Task to carry out:
Check every line in the records below for the word "both" and report how many have it, nothing more.

╭─ Data in this exercise

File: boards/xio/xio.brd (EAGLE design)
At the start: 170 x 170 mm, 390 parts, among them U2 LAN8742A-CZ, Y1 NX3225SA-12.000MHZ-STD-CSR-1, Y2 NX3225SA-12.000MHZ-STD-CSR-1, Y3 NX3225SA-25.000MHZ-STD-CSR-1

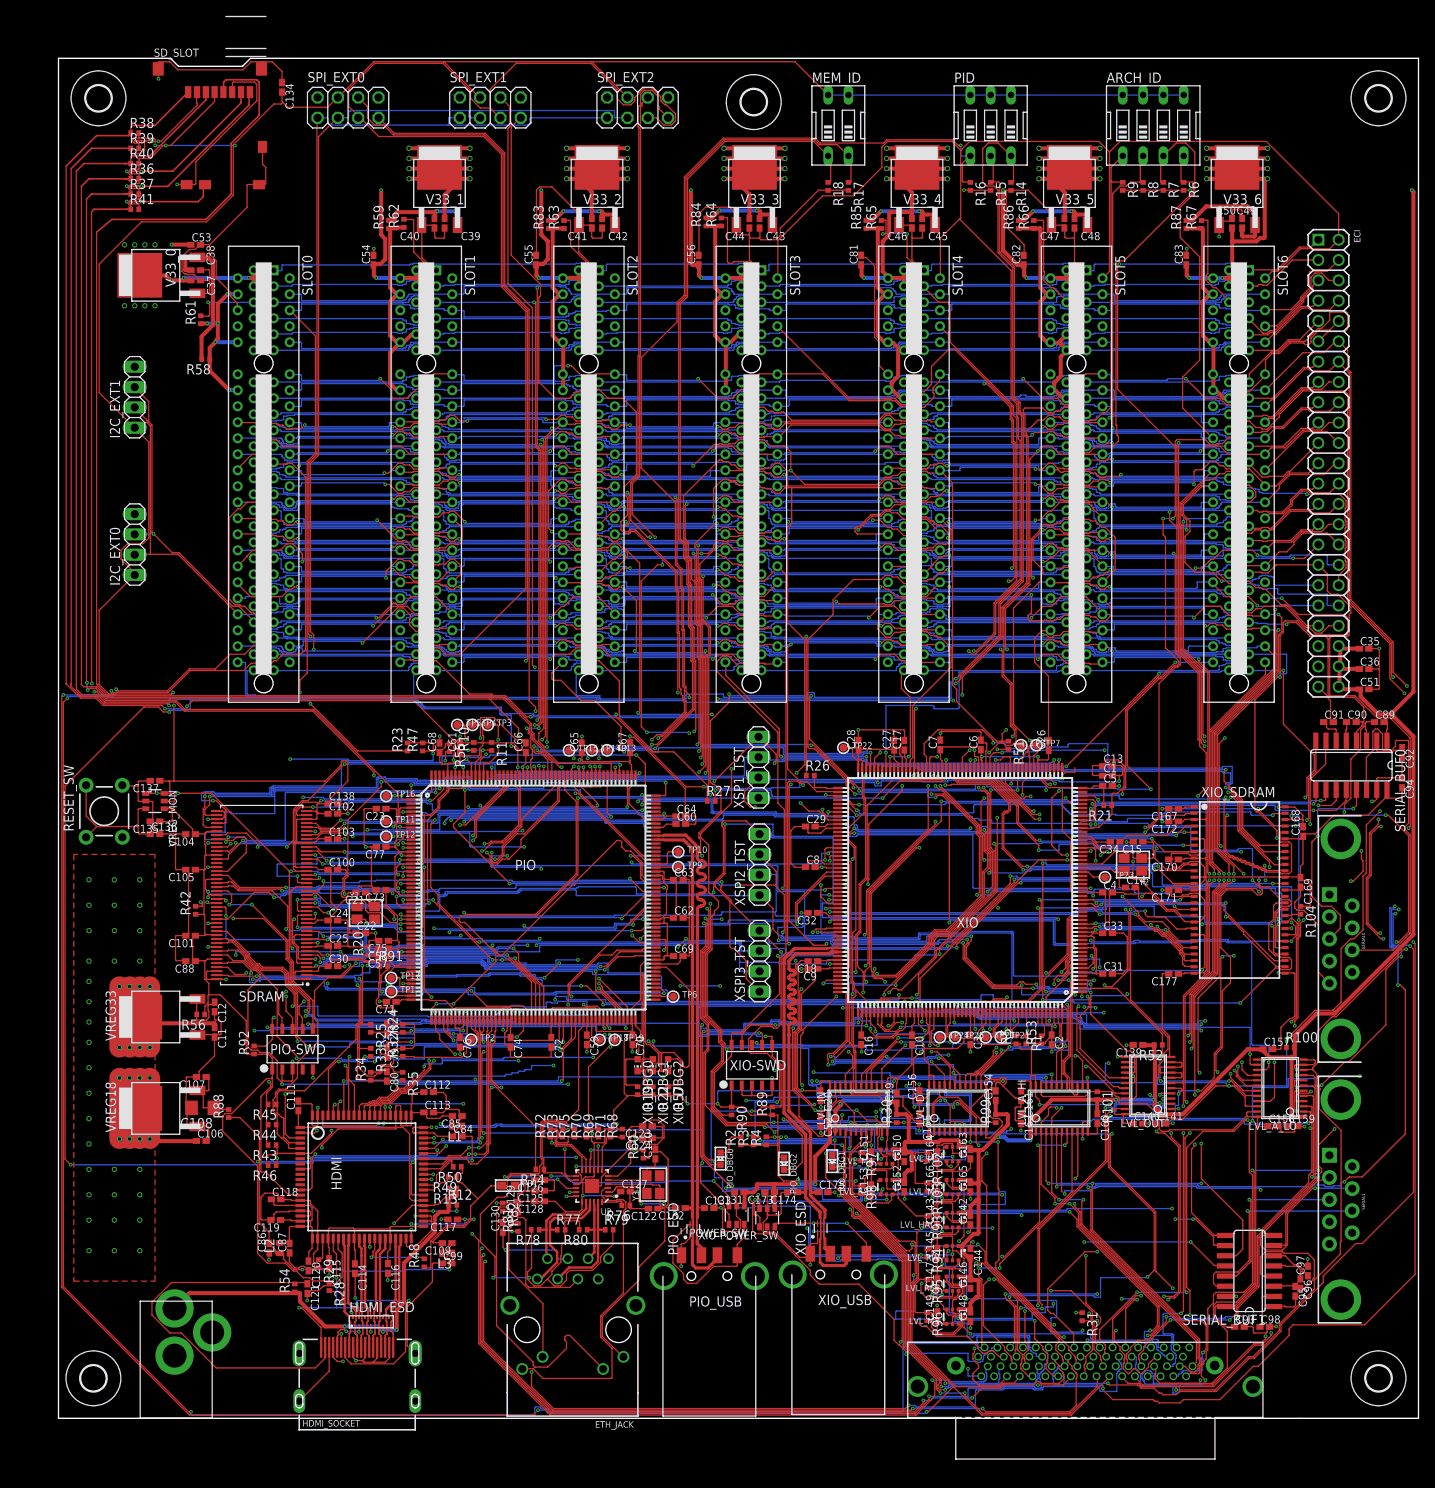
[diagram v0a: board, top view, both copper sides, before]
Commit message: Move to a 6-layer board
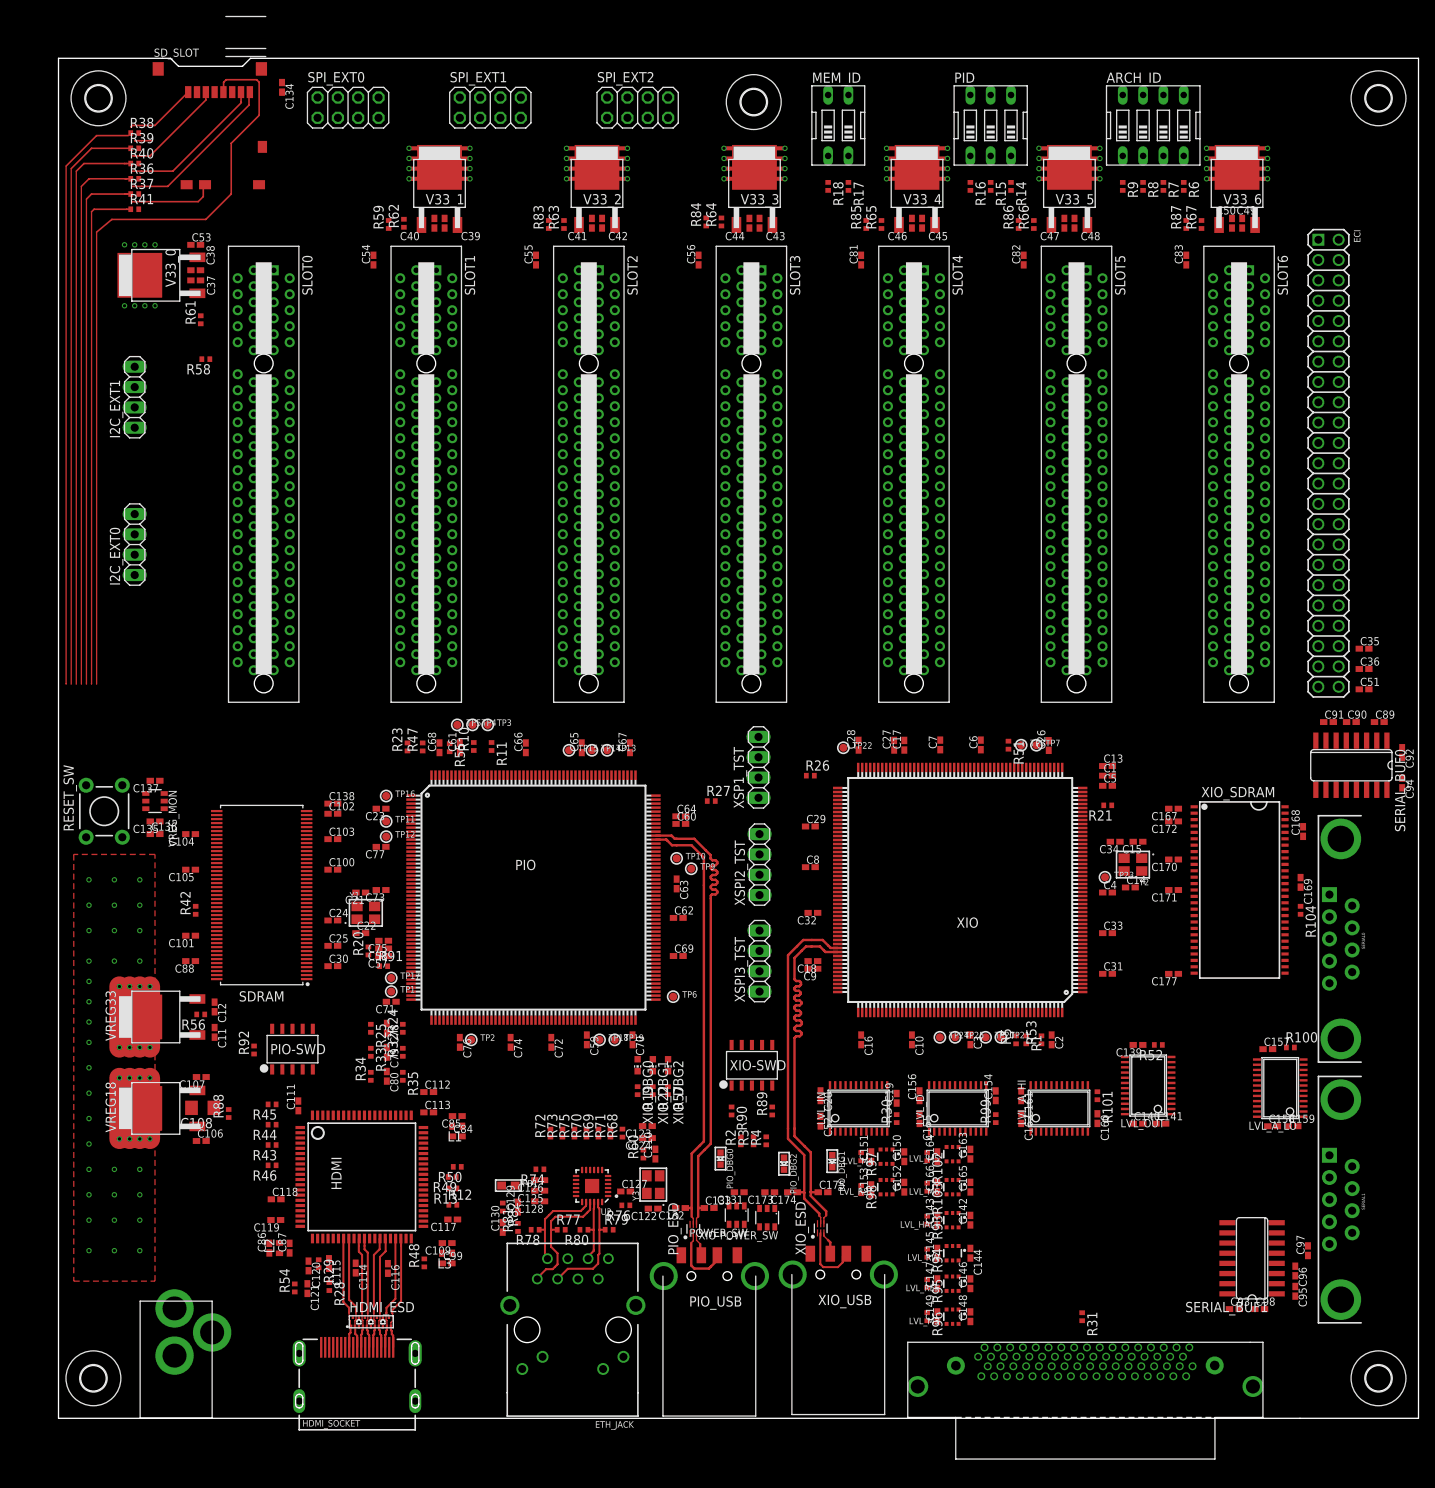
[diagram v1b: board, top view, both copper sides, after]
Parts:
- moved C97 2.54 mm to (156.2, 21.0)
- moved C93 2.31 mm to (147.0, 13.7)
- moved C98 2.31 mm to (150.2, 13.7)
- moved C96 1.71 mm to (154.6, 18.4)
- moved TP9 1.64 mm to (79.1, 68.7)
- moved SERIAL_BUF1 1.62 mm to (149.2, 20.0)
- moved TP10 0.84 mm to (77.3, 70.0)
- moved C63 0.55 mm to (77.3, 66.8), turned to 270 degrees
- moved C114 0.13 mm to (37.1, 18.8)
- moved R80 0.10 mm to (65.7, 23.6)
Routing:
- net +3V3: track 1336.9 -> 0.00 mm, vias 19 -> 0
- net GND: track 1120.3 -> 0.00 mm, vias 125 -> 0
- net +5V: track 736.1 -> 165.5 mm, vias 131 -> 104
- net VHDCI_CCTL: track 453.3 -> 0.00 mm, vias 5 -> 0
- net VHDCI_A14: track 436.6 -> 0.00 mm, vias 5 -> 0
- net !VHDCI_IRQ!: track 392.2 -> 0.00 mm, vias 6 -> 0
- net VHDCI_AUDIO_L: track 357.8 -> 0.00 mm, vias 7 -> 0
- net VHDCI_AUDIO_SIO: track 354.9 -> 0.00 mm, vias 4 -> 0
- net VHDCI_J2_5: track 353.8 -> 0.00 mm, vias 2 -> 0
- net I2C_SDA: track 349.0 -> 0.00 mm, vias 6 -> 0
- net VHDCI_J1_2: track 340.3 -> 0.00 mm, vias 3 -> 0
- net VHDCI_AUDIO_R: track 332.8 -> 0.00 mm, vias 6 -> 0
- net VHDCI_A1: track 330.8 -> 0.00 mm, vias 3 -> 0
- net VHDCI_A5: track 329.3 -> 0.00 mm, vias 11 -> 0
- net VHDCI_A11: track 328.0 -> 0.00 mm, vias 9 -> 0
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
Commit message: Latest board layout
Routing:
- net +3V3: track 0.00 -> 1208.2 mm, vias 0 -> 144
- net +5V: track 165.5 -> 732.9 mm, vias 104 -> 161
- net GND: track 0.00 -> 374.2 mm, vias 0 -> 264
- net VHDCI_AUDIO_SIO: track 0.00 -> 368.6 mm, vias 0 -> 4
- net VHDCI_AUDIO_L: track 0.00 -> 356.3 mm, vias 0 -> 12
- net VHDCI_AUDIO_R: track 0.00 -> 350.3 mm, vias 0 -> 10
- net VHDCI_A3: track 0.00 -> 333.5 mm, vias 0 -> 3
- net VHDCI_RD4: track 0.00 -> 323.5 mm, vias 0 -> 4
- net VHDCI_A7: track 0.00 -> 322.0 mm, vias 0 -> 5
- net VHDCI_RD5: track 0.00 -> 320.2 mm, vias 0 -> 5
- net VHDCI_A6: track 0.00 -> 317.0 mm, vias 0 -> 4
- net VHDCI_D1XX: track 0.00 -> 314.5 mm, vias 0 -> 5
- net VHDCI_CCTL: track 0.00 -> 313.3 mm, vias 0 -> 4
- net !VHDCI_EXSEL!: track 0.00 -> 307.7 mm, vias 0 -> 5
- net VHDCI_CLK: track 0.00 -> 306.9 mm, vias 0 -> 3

╰─

Result for this exercise:
2